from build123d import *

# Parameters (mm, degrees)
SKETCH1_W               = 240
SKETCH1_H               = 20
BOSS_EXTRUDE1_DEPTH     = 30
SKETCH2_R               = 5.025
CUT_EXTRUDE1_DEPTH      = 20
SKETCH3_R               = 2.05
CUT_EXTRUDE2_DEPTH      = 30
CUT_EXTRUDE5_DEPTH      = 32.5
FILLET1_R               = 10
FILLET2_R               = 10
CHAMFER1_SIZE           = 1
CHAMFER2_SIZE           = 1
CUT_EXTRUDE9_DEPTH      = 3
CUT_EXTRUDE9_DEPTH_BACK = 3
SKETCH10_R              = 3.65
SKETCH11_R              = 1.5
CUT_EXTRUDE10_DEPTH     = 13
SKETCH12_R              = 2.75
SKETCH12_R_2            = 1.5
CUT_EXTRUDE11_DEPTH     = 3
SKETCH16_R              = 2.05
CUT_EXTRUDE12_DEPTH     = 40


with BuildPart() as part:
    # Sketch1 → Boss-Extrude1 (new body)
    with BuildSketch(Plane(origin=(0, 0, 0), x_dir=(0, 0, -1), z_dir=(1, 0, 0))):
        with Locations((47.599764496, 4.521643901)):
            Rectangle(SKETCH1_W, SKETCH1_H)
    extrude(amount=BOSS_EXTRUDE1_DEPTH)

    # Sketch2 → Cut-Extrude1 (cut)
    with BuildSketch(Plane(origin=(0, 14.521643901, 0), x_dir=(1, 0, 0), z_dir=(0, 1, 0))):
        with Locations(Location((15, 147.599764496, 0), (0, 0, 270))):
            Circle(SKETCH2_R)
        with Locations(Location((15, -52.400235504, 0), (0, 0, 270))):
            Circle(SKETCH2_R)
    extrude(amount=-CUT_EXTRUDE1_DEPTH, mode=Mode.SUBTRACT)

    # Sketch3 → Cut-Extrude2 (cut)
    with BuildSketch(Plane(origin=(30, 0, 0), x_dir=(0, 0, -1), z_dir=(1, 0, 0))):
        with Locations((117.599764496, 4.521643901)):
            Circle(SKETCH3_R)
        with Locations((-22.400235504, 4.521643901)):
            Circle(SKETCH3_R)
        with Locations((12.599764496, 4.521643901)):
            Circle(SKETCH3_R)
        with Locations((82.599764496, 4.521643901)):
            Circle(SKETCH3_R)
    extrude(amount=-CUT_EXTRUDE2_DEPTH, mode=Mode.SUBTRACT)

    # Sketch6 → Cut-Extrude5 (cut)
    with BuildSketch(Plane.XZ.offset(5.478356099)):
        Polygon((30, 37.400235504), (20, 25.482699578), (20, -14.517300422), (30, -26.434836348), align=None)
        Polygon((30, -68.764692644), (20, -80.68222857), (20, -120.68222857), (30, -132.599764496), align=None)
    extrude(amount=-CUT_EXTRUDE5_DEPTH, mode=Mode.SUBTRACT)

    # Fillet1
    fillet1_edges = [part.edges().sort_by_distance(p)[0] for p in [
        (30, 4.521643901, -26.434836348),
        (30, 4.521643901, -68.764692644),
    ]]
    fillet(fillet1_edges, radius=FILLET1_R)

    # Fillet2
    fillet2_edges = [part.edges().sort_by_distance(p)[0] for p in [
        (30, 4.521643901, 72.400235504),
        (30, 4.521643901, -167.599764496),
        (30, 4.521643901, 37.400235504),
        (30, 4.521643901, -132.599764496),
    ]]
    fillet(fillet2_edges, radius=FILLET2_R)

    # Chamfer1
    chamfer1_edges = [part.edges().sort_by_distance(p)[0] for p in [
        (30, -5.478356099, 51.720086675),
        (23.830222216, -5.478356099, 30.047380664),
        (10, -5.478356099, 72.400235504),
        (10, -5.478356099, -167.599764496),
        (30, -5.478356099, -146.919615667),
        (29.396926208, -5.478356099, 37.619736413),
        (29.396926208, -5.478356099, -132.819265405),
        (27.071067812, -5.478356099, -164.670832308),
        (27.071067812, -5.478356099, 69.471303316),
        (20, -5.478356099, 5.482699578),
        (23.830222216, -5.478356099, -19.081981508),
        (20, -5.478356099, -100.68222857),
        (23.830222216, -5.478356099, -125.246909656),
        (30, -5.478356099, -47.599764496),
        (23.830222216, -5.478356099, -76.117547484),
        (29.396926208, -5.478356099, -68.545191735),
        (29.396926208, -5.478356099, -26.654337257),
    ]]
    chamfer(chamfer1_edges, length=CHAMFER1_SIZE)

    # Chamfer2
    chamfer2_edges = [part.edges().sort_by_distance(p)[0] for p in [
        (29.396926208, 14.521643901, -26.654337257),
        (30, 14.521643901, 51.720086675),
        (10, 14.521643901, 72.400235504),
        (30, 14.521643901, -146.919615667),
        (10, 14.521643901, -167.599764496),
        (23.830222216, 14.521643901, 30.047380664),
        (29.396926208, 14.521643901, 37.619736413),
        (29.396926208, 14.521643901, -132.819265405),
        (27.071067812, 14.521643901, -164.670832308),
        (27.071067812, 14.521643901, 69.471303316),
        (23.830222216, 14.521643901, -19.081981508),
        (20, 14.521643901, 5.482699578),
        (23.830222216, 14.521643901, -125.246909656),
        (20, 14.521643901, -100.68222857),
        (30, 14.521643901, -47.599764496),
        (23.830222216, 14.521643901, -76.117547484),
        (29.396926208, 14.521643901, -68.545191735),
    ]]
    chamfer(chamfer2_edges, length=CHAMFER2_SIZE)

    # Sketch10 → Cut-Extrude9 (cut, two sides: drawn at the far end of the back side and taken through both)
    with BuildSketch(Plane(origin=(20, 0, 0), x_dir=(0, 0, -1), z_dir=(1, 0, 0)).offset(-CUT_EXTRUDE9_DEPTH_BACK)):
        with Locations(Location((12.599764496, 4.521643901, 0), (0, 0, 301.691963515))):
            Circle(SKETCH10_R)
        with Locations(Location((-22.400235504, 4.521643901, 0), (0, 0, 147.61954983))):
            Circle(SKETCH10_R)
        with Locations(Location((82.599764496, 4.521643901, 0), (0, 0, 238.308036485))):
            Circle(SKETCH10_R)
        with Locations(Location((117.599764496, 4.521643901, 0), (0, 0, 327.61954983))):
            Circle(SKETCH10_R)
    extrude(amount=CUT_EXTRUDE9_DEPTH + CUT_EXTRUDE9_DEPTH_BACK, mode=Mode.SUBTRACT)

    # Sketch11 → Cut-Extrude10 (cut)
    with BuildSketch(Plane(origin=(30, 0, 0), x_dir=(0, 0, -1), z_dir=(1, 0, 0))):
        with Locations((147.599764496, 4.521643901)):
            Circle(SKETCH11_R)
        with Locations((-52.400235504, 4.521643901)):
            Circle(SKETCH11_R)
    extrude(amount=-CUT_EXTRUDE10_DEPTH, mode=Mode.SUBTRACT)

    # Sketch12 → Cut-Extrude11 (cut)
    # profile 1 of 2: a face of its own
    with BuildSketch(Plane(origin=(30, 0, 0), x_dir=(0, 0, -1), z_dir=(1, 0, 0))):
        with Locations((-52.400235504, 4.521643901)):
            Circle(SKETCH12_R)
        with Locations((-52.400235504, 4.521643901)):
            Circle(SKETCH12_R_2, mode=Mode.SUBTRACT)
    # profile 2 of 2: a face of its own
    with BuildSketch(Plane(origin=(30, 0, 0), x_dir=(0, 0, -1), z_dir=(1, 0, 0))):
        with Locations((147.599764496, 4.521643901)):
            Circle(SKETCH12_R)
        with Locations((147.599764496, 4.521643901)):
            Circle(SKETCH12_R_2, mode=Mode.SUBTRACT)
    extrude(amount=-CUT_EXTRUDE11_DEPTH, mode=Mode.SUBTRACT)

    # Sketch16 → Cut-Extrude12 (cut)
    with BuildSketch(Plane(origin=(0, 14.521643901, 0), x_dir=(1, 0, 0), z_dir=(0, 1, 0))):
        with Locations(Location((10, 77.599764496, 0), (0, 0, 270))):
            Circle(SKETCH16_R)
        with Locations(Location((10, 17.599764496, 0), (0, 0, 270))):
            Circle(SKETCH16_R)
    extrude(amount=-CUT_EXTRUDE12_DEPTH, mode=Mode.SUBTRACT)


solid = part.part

--

(ACTIVITY)
Going down from the first line of the entries above, restate each line word for word until the line holding "fillet1_edges = [part.edges().sort_by_distance(p)[0]" is done.

(WORKED SOLUTION)
from build123d import *

# Parameters (mm, degrees)
SKETCH1_W               = 240
SKETCH1_H               = 20
BOSS_EXTRUDE1_DEPTH     = 30
SKETCH2_R               = 5.025
CUT_EXTRUDE1_DEPTH      = 20
SKETCH3_R               = 2.05
CUT_EXTRUDE2_DEPTH      = 30
CUT_EXTRUDE5_DEPTH      = 32.5
FILLET1_R               = 10
FILLET2_R               = 10
CHAMFER1_SIZE           = 1
CHAMFER2_SIZE           = 1
CUT_EXTRUDE9_DEPTH      = 3
CUT_EXTRUDE9_DEPTH_BACK = 3
SKETCH10_R              = 3.65
SKETCH11_R              = 1.5
CUT_EXTRUDE10_DEPTH     = 13
SKETCH12_R              = 2.75
SKETCH12_R_2            = 1.5
CUT_EXTRUDE11_DEPTH     = 3
SKETCH16_R              = 2.05
CUT_EXTRUDE12_DEPTH     = 40


with BuildPart() as part:
    # Sketch1 → Boss-Extrude1 (new body)
    with BuildSketch(Plane(origin=(0, 0, 0), x_dir=(0, 0, -1), z_dir=(1, 0, 0))):
        with Locations((47.599764496, 4.521643901)):
            Rectangle(SKETCH1_W, SKETCH1_H)
    extrude(amount=BOSS_EXTRUDE1_DEPTH)

    # Sketch2 → Cut-Extrude1 (cut)
    with BuildSketch(Plane(origin=(0, 14.521643901, 0), x_dir=(1, 0, 0), z_dir=(0, 1, 0))):
        with Locations(Location((15, 147.599764496, 0), (0, 0, 270))):
            Circle(SKETCH2_R)
        with Locations(Location((15, -52.400235504, 0), (0, 0, 270))):
            Circle(SKETCH2_R)
    extrude(amount=-CUT_EXTRUDE1_DEPTH, mode=Mode.SUBTRACT)

    # Sketch3 → Cut-Extrude2 (cut)
    with BuildSketch(Plane(origin=(30, 0, 0), x_dir=(0, 0, -1), z_dir=(1, 0, 0))):
        with Locations((117.599764496, 4.521643901)):
            Circle(SKETCH3_R)
        with Locations((-22.400235504, 4.521643901)):
            Circle(SKETCH3_R)
        with Locations((12.599764496, 4.521643901)):
            Circle(SKETCH3_R)
        with Locations((82.599764496, 4.521643901)):
            Circle(SKETCH3_R)
    extrude(amount=-CUT_EXTRUDE2_DEPTH, mode=Mode.SUBTRACT)

    # Sketch6 → Cut-Extrude5 (cut)
    with BuildSketch(Plane.XZ.offset(5.478356099)):
        Polygon((30, 37.400235504), (20, 25.482699578), (20, -14.517300422), (30, -26.434836348), align=None)
        Polygon((30, -68.764692644), (20, -80.68222857), (20, -120.68222857), (30, -132.599764496), align=None)
    extrude(amount=-CUT_EXTRUDE5_DEPTH, mode=Mode.SUBTRACT)

    # Fillet1
    fillet1_edges = [part.edges().sort_by_distance(p)[0] for p in [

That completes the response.